• _Input material_:
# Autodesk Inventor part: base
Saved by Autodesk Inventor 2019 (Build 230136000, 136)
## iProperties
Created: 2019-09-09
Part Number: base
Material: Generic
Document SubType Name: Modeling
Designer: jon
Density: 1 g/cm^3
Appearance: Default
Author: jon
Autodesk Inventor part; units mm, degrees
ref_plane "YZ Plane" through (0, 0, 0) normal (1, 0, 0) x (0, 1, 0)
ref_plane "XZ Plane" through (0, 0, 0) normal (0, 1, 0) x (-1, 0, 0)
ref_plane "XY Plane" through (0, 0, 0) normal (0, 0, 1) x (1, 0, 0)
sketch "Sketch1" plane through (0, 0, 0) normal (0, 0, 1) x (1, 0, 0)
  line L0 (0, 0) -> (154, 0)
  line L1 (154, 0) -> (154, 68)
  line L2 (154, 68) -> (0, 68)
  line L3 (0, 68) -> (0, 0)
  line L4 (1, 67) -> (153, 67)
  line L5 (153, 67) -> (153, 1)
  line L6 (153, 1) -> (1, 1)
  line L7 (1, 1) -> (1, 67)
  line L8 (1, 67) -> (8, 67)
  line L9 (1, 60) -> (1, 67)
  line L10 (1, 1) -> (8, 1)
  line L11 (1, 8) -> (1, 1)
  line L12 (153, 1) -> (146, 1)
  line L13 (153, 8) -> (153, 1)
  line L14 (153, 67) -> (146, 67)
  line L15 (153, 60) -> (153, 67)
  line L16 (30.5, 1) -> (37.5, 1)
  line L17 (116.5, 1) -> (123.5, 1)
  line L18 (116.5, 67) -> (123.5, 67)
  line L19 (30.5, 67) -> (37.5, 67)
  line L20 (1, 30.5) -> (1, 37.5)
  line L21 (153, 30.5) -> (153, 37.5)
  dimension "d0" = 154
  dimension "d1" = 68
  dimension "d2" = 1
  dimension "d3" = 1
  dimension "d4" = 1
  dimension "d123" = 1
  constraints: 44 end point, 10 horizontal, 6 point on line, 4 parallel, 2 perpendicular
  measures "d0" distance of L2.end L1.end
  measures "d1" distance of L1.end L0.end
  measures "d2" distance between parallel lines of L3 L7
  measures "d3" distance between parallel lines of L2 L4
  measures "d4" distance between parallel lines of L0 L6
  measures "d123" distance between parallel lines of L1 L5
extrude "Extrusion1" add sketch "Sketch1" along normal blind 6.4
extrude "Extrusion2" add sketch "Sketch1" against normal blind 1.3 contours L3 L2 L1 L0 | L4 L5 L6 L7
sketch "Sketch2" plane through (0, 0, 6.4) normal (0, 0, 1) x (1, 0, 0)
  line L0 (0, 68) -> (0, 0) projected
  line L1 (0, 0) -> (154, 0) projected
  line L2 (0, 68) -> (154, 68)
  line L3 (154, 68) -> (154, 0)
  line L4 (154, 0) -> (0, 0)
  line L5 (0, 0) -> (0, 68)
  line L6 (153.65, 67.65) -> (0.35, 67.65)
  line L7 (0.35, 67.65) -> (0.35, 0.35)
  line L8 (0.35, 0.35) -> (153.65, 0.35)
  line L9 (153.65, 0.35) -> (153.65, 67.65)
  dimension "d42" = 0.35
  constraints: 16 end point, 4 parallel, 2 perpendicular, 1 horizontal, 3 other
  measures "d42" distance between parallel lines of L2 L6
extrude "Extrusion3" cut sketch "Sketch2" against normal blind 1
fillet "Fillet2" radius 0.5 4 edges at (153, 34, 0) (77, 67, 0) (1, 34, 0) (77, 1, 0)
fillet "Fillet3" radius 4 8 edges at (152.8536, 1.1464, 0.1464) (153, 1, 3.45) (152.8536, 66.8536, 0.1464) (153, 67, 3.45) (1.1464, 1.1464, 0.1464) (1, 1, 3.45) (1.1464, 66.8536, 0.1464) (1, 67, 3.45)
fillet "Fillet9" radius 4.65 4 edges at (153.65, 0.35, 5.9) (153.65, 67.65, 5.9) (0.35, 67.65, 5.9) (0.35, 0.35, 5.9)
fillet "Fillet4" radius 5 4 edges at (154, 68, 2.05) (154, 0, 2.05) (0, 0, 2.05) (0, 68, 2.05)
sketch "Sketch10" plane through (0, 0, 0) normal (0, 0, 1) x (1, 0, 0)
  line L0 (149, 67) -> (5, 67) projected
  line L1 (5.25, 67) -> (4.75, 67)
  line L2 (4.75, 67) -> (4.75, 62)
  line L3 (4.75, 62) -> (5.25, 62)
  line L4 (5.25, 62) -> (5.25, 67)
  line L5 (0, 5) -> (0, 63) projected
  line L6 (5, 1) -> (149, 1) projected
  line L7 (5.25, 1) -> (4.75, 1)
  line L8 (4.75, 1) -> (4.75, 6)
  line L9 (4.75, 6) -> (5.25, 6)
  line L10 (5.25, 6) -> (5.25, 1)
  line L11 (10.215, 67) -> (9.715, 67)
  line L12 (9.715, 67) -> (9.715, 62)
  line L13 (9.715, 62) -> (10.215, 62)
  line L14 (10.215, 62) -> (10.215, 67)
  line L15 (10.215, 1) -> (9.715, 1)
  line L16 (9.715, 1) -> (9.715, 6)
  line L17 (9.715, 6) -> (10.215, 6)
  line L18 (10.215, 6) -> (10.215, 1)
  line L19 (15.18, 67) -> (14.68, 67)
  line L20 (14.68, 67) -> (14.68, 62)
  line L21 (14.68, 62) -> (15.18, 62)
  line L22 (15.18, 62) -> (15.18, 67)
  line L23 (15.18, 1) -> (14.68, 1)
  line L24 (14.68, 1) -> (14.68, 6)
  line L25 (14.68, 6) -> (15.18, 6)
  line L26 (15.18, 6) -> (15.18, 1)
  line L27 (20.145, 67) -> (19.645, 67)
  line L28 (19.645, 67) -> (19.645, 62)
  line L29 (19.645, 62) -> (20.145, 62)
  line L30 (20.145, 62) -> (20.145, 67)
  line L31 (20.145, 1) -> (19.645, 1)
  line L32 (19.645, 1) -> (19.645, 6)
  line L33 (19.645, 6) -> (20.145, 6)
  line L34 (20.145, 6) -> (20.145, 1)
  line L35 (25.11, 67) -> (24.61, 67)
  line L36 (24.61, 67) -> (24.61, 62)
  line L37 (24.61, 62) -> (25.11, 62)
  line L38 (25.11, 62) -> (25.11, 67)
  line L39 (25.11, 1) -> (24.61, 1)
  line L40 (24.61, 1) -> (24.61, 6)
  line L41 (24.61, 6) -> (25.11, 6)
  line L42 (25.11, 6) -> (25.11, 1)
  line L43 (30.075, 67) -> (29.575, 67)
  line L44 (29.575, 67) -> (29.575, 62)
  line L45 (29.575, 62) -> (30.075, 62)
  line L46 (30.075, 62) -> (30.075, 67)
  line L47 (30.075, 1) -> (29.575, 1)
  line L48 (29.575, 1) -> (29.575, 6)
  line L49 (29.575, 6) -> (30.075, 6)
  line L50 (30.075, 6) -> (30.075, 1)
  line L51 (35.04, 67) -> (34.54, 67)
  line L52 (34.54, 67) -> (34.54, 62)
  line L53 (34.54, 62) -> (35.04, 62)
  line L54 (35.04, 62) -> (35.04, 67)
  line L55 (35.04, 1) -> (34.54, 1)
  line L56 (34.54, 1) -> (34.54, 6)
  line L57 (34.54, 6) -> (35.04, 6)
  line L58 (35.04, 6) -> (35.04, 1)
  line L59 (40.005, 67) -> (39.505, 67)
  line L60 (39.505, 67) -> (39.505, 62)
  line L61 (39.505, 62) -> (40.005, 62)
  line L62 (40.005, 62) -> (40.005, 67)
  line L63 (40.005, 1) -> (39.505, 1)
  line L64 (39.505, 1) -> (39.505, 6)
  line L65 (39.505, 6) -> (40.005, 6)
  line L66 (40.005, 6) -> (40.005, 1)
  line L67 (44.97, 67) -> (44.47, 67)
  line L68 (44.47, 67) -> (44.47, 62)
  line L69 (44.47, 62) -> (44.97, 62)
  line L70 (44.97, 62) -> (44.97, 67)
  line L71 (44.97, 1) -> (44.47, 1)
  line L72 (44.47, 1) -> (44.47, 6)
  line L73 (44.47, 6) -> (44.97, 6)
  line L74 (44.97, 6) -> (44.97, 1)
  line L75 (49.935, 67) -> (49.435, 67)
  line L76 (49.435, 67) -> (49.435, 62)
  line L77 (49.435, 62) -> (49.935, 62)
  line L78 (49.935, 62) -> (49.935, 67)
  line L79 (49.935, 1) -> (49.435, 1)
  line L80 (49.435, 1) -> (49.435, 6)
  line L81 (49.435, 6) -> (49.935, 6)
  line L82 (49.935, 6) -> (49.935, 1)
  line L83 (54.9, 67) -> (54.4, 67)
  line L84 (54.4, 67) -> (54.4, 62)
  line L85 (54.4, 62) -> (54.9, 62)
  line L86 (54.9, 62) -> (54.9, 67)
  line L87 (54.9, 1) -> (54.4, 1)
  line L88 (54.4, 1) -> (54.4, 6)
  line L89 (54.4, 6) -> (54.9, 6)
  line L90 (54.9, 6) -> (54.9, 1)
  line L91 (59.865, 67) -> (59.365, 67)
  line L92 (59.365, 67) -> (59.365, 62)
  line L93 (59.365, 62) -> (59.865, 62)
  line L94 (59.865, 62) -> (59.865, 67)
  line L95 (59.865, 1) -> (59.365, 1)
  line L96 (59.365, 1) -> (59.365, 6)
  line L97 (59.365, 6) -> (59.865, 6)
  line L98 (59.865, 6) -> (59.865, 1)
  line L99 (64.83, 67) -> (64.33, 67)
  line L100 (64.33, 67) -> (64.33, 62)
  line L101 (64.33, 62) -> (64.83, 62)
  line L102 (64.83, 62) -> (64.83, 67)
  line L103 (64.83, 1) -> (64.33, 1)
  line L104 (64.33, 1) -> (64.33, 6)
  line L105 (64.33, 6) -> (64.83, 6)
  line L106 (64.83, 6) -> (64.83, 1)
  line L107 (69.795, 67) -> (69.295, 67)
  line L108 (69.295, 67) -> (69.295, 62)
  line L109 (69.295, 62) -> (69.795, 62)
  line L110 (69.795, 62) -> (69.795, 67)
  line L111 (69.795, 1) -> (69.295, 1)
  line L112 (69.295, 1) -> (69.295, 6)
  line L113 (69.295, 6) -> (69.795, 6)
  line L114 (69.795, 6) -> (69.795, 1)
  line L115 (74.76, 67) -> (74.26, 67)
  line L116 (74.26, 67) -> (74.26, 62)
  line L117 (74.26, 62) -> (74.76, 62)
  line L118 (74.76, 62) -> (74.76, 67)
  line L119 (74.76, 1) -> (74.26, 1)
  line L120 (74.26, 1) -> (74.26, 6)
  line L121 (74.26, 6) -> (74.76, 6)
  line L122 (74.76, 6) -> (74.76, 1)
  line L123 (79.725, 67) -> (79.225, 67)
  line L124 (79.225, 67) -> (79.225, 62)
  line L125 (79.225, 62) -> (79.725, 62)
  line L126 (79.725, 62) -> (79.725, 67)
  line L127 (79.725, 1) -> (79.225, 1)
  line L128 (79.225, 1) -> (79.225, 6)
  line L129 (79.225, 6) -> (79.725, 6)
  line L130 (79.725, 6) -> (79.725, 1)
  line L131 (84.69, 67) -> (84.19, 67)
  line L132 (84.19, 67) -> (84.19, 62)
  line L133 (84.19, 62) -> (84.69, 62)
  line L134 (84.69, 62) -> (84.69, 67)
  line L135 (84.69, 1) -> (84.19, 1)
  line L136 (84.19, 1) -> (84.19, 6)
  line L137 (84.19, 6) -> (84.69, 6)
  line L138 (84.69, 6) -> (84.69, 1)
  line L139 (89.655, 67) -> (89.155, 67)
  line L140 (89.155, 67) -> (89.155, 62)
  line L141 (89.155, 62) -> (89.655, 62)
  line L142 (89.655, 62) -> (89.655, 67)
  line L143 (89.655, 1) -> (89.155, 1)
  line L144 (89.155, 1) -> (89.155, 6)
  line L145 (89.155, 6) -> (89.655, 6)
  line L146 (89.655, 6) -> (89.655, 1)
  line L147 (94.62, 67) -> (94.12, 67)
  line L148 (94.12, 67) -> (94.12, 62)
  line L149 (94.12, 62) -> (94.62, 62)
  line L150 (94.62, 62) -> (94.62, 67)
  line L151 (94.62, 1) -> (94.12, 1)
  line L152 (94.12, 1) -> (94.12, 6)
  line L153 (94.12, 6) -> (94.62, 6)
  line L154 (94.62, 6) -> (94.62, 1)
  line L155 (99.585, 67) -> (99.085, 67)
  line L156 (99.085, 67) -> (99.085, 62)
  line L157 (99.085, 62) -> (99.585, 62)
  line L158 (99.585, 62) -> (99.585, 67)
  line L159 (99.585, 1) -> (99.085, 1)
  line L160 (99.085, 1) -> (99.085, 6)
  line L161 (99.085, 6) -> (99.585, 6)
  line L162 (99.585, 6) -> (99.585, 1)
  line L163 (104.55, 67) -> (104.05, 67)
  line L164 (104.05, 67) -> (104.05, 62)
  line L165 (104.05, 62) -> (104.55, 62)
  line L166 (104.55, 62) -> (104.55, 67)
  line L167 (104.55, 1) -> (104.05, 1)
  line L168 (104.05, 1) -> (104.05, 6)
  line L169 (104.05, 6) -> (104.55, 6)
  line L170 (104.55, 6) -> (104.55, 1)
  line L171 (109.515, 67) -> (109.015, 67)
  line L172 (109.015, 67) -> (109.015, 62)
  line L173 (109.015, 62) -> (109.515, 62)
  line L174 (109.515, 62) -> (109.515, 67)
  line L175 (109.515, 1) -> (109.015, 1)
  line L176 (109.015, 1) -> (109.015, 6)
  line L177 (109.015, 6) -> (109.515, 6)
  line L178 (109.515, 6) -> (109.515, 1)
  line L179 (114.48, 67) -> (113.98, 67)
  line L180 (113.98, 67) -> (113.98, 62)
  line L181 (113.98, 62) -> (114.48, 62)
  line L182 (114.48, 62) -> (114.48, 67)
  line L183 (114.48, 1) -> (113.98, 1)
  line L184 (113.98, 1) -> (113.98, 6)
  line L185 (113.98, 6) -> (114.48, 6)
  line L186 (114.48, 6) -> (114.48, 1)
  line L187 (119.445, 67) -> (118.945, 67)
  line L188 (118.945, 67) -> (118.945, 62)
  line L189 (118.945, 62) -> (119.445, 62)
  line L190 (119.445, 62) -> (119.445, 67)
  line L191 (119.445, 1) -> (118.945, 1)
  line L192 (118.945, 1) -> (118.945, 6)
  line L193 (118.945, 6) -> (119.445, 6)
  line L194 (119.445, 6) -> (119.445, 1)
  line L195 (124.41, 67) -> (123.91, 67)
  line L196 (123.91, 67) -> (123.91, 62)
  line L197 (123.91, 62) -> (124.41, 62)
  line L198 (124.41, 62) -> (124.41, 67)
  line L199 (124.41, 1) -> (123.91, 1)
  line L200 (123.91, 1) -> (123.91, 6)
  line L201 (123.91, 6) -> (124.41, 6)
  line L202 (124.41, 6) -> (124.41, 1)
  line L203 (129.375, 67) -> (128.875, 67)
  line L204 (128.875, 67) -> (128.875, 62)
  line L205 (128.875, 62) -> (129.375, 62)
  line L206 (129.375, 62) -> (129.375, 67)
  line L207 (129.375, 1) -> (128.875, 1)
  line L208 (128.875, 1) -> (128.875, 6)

• _What needs to be done_:
The result should be every line of the material that contains the word "measures", so copy those lines.

• _Solution_:
  measures "d0" distance of L2.end L1.end
  measures "d1" distance of L1.end L0.end
  measures "d2" distance between parallel lines of L3 L7
  measures "d3" distance between parallel lines of L2 L4
  measures "d4" distance between parallel lines of L0 L6
  measures "d123" distance between parallel lines of L1 L5
  measures "d42" distance between parallel lines of L2 L6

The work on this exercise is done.